Case conferences usually consist of face to face discussion between the employee, their representative (should they wish to invite one), an Occupational Health professional, the line manager and an HR representative.

The conference is an opportunity to discuss any health issues the employee may have and the impact of these issues on their employment. The aim to reach a common understanding of the issues and agreeing a way forward.

What is a case conference?

By discussing the employment circumstances and medical background of the employee and the Occupational Health recommendations, a case conference aims to reach a common understanding of the issues and to agree a way forward with specific actions, eg another appointment at a later date, deciding to ask for consent for GP reports.

This may be particularly helpful where managers have concerns regarding long-term sickness absence; failure of a problem to resolve satisfactorily; queries or difficulty regarding fitness to return to work; the nature of adjustments or restrictions required to allow a return to work or concerns regarding the ability of management to accommodate such adjustments.

It may also be useful where further clarification or discussion regarding occupational health advice is required.

Case conferences are not mandatory, rather they are an opportunity to discuss matters, should this be necessary.

How should case conferences take place?

Case conferences are arranged at the request of the manager or HR representative though they may be suggested by Occupational Health. They are normally arranged with at least seven days' notice. The request for a case conference should first be discussed between the line manager/HR representative and Occupational Health Advisor to ensure that a case conference is appropriate in the circumstances. If it is agreed this is appropriate, HR will take the lead in communicating this to the employee (and their representative should that be necessary) and setting up the case conference. Case conferences can be chaired by HR or by Occupational Health if requested; this should be agreed prior to the meeting.
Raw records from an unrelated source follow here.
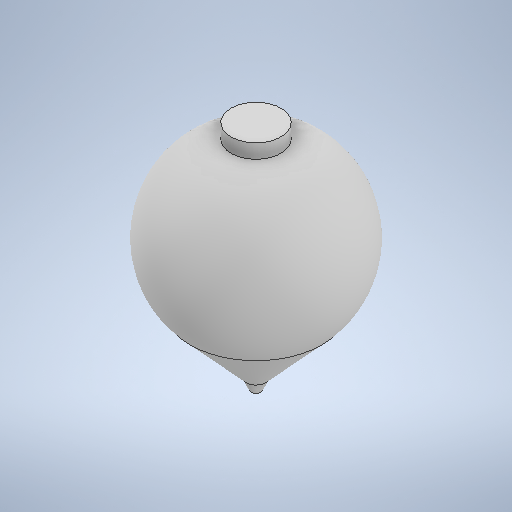
# Autodesk Inventor part: Peça6
Saved by Autodesk Inventor 2025.2 (Build 292293000, 293)
## iProperties
Created: 2025-03-25
Part Number: Peça6
Material: Genérico
Document SubType Name: Modeling
Designer: Formação
Density: 1 g/cm^3
Appearance: Padrão
Author: Formação
Autodesk Inventor part; units mm, degrees
ref_plane "YZ Plane" through (0, 0, 0) normal (1, 0, 0) x (0, 1, 0)
ref_plane "XZ Plane" through (0, 0, 0) normal (0, 1, 0) x (-1, 0, 0)
ref_plane "XY Plane" through (0, 0, 0) normal (0, 0, 1) x (1, 0, 0)
sketch "Esboço1" plane through (0, 0, 0) normal (0, 0, 1) x (1, 0, 0)
  circle A0 centre (0, 0) radius 12.5 construction
  line L0 (9.1994, -8.4629) -> (0, -18.4629) construction
  line L1 (-3.5, 14) -> (3.5, 13.9971) construction
  line L2 (-3.5, 14) -> (-3.5, 12) construction
  line L3 (0, 13.9985) -> (-3.5, 14)
  line L4 (-3.5, 14) -> (-3.5, 12)
  arc A1 (-3.5, 12) -> (-9.1994, -8.4629) centre (0, 0) ccw
  line L5 (0, 13.9985) -> (0, -18.4629)
  line L6 (-3.5, 13.5) -> (0, 13.5)
  line L7 (-3.5, 13) -> (0, 13)
  line L8 (-1.3799, -16.9629) -> (0, -16.9629) construction
  line L9 (-1.3799, -16.9629) -> (-1.3799, -18.4629) construction
  line L10 (-9.1994, -8.4629) -> (-1.3799, -16.9629)
  line L11 (-1.3799, -16.9629) -> (-1.3799, -18.4629) construction
  line L12 (0, -18.4629) -> (-1.3799, -18.4629) construction
  line L13 (-1.3799, -16.9629) -> (-0.69, -18.4629)
  line L14 (-0.69, -18.4629) -> (0, -18.4629)
  line L15 (0, -24.9555) -> (0, 20.4926) projected
  point P0 (-1.75, 13.5)
  point P1 (-1.75, 13)
  dimension "d0" = 25
  dimension "d4" = 7
  dimension "d5" = 2
  dimension "d6" = 32.46
  dimension "d9" = 10
  dimension "d10" = 0.5
  dimension "d11" = 1.5
  constraints: 30 end point, 5 midpoint, 5 perpendicular, 5 point on circle, 4 point on line, 3 coincident, 3 collinear, 3 vertical, 3 vertical alignment, 2 centre point, 2 tangent, 1 horizontal alignment
  measures "d0" diameter of A0
  measures "d4" distance of L1.end L1.start
  measures "d5" distance of L2.end L1.start
  measures "d6" vertical distance of L0.end L1.end
  measures "d9" vertical distance of L0.end L10.start
  measures "d10" distance between parallel lines of L7 L6
  measures "d11" distance of L9.end L8.start
revolve "Revolução1" add sketch "Esboço1" angle 360 about axis through (0, -10, 0) along (0, 1, 0)
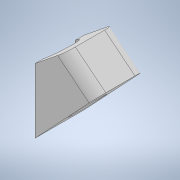
# Autodesk Inventor part: My really cool, really epic hole in a ramp
Saved by Autodesk Inventor 2022 (Build 260153000, 153)
## iProperties
Created: 2022-10-06
Part Number: My really cool, really epic hole in a ramp
Material: Generic
Document SubType Name: Modeling
Designer: c2067183
Density: 1 g/cm^3
Appearance: Default
Author: c2067183
Autodesk Inventor part; units mm, degrees
ref_plane "YZ Plane" through (0, 0, 0) normal (1, 0, 0) x (0, 1, 0)
ref_plane "XZ Plane" through (0, 0, 0) normal (0, 1, 0) x (-1, 0, 0)
ref_plane "XY Plane" through (0, 0, 0) normal (0, 0, 1) x (1, 0, 0)
sketch "Sketch1" plane through (0, 0, 0) normal (0, 0, 1) x (1, 0, 0)
  line L0 (0, 0) -> (6.1915, 5.0087)
  line L1 (6.1915, 5.0087) -> (12.383, 0)
  line L2 (12.383, 0) -> (0, -13.1985)
  line L3 (0, -13.1985) -> (0, 0)
  point P0 (5.6638, -7.1617)
  dimension "d2" = 7.854
  dimension "d3" = 7.9638
  dimension "d4" = 18.0981
  constraints: 8 end point, 1 vertical
  measures "d2" angle of L2 L0
  measures "d3" distance of L0.start L0.end
  measures "d4" distance of L1.end L2.end
extrude "Extrusion1" add sketch "Sketch1" along normal blind 10
sketch "Sketch3" plane through (0, 0, 10) normal (-0.6289, 0.7775, 0) x (0, 0, -1)
  circle A0 centre (4.9487, 0) radius 3.2373
  point P0 (10, 0)
  constraints: 1 centre point, 1 horizontal alignment
extrude "Extrusion2" cut sketch "Sketch3" against normal blind 10
fillet "Fillet1" radius 2.02 2 edges at (9.2873, 2.5044, 10) (9.2873, 2.5044, 0)
body "Solid1"

In our correspondence with employees we inform them that case conferences and reviews are used at the University, using the following statement:

'Sometimes your employer may ask us for clarification following a report and/or ask to meet us (a case conference). You may also be asked to attend. We may be able to clarify the report and advice given verbally, but we will not answer new or additional questions without consulting you.'

Occupational Health should see the employee shortly before the meeting to have the most up-to-date clinical information and to agree what information can be shared at the meeting, recording the agreement in the notes. It is important that the employee gives appropriate consent to the sharing of clinical information during the case conference and the Occupational Health Advisor will be responsible for this consent process.

When should a case conference take place?

When to call a case conference will vary greatly on a case by case basis. However, in all cases Occupational Health would have first been asked to provide a written report on the employee concerned. For example it may be useful to call a case conference immediately due to difficulties accommodating particular adjustments before an employee returns to work.

Appropriate timescales in the case of on-going difficulties and failure of problems to resolve may vary depending on the severity of the problem and any risk factors involved in the job, as well as how much information regarding the circumstances of the health condition are already known. A timely case conference may help with forward planning to assist with resolution or averting long-term problems.

Where an employee has been off for 6 months or more duration, consideration of a case conference may also be appropriate.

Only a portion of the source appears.